I have done the vacuum treatment in corrosionX now on 4 remotes. All are still working good in saltwater use. Make sure to encapsulate everything in silicone grease!
Sorry but in my opinion he should send back his Remote and should get his money back!!! Maytech can’t sell waterproof things that are totally not waterproof.
Those Remote is a holy shit!!!
I totally agree!
As we have all found out by now… Maytech does not stand behind their product. There is no warranty. If you contact them they just offer to give you $20 off a new remote.
Do not buy a Maytech remote unless you plan to do these modifications. It won’t last more then a few uses without a bunch of special care.
I look forward to a better remote. Unfortunately, for now we are stuck with this.
Didnt nobody bought the remote via paypal?
Normaly you get back your money…
@pacificmeister: taking into account that 1- the remote is a key component, 2 - Maytech is the only seller 3-they don’t care about after-sales service…
would it possible to stick this wise piece of advice at the top of the threads so that new (and older) comers are warned ? In time, perhaps will we see some semblance of compassion for abused customers…
On the remote there is a little clear window that sits on top of the screen. A small amount of water gets between the window and the screen it looks awful. Like in my photo above. In my case I wiped up the water and then filled the space with clear silicone. Then I sprayed everything with CorrisonX. Then I added foam to make it float.
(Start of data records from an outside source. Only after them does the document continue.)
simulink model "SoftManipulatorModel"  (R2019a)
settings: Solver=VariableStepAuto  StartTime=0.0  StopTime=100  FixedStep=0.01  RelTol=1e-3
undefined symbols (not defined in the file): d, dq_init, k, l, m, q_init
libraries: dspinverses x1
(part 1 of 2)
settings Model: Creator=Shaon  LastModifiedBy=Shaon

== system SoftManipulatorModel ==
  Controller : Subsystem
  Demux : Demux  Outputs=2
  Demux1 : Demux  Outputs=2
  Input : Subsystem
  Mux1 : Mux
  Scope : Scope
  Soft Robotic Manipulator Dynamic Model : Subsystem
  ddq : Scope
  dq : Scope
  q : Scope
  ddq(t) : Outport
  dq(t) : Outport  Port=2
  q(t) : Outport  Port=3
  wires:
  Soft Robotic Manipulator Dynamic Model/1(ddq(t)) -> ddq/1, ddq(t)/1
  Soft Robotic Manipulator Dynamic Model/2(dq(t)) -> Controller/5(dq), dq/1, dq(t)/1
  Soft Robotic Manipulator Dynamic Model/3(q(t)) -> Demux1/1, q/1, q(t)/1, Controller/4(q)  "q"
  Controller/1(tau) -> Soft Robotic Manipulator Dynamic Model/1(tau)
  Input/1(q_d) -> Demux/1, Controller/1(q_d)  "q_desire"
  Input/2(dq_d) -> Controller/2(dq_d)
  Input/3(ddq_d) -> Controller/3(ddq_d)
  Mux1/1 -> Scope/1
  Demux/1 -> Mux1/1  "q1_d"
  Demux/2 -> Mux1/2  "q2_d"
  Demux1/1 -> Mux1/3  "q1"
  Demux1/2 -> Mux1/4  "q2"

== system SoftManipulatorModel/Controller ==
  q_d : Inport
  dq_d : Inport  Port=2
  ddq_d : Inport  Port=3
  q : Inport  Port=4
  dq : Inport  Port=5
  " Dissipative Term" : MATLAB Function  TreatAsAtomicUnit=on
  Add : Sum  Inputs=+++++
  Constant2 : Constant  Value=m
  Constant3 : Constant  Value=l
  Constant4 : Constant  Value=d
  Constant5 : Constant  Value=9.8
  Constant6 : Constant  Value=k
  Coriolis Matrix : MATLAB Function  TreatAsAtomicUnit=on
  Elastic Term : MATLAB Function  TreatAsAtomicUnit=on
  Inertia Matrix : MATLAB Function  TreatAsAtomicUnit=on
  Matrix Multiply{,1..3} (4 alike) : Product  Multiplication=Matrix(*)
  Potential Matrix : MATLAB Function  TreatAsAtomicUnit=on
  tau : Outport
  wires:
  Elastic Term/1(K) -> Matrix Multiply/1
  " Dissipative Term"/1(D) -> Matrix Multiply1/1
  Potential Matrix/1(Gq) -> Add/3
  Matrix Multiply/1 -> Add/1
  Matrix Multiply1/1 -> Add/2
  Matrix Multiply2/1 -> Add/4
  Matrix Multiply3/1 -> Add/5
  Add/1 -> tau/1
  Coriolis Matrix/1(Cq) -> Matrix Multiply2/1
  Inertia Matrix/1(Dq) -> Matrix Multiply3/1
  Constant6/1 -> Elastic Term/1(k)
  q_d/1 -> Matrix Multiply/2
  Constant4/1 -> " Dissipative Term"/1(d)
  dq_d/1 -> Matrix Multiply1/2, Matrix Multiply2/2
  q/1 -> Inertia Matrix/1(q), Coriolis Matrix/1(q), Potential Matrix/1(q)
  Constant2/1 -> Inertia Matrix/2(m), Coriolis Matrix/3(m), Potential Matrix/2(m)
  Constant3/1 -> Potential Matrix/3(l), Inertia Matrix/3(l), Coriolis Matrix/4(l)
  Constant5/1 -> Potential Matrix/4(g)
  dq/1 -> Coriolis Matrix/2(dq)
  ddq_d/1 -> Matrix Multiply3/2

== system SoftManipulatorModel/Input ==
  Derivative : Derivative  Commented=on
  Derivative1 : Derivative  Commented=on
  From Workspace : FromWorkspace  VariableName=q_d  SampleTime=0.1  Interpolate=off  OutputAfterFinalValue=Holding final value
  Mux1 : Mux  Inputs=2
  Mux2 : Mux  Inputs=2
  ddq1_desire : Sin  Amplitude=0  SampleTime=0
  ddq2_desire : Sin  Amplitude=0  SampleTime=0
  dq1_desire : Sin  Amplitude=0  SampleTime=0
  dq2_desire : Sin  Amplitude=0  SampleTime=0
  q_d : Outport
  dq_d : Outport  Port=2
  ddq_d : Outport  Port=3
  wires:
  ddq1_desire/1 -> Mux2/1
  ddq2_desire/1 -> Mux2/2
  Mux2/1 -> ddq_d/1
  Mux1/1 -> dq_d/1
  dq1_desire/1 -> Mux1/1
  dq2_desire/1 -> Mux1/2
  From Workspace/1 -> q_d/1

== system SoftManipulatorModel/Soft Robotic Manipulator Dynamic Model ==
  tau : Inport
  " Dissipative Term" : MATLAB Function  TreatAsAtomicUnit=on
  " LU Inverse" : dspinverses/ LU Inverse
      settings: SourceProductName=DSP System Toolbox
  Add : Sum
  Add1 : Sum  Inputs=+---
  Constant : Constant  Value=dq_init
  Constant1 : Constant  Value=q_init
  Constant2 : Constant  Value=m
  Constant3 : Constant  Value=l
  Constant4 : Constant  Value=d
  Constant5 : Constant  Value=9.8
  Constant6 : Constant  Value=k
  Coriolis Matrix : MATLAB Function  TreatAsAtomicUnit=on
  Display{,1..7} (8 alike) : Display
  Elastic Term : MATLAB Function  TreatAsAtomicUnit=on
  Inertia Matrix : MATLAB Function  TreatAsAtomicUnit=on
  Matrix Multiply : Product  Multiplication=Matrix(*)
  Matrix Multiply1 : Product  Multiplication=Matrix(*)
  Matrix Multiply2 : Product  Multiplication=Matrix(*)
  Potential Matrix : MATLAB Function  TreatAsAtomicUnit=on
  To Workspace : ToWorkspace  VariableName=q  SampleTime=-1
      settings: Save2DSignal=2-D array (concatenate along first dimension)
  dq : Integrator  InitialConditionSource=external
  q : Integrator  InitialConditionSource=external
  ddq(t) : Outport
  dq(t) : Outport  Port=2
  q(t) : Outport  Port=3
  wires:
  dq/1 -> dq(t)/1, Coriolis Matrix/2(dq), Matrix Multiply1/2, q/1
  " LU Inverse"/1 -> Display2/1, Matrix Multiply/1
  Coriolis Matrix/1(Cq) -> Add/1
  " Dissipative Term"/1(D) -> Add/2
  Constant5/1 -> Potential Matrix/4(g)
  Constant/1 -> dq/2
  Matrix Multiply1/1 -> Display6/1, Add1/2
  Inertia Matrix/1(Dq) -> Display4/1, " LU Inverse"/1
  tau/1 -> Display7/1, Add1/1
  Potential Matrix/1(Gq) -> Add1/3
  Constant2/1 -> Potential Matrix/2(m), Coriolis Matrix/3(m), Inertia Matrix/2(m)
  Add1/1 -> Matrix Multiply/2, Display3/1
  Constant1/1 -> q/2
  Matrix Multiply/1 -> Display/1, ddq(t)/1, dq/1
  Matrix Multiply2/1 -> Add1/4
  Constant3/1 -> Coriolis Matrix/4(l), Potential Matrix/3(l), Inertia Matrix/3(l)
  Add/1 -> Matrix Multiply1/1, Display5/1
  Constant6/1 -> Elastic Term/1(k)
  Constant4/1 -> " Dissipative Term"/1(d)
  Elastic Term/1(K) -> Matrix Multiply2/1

@SoEFoil, there are many varying experiences here with this remote and I sure hope anyone who puts this kind of money down for a remote at least reads the complete thread to make up their own opinion and judge the risk/value for themselves. It’s important to put all the info out so that everyone knows what issues they might face. I myself purchased 3 of these Maytech v2 remotes and they worked (and still work) without waterproofing mods. Only annoying issue was that I had to downgrade my VESC SW to make them work. I since passed them on to my friend @RIDEHYDROFOILS and hope they continue to work for him too, fingers crossed . Maybe the reason they worked for me is that I never got rid of my habit to hold my hand up high in the air during and after a crash and try not to dunk it into the water.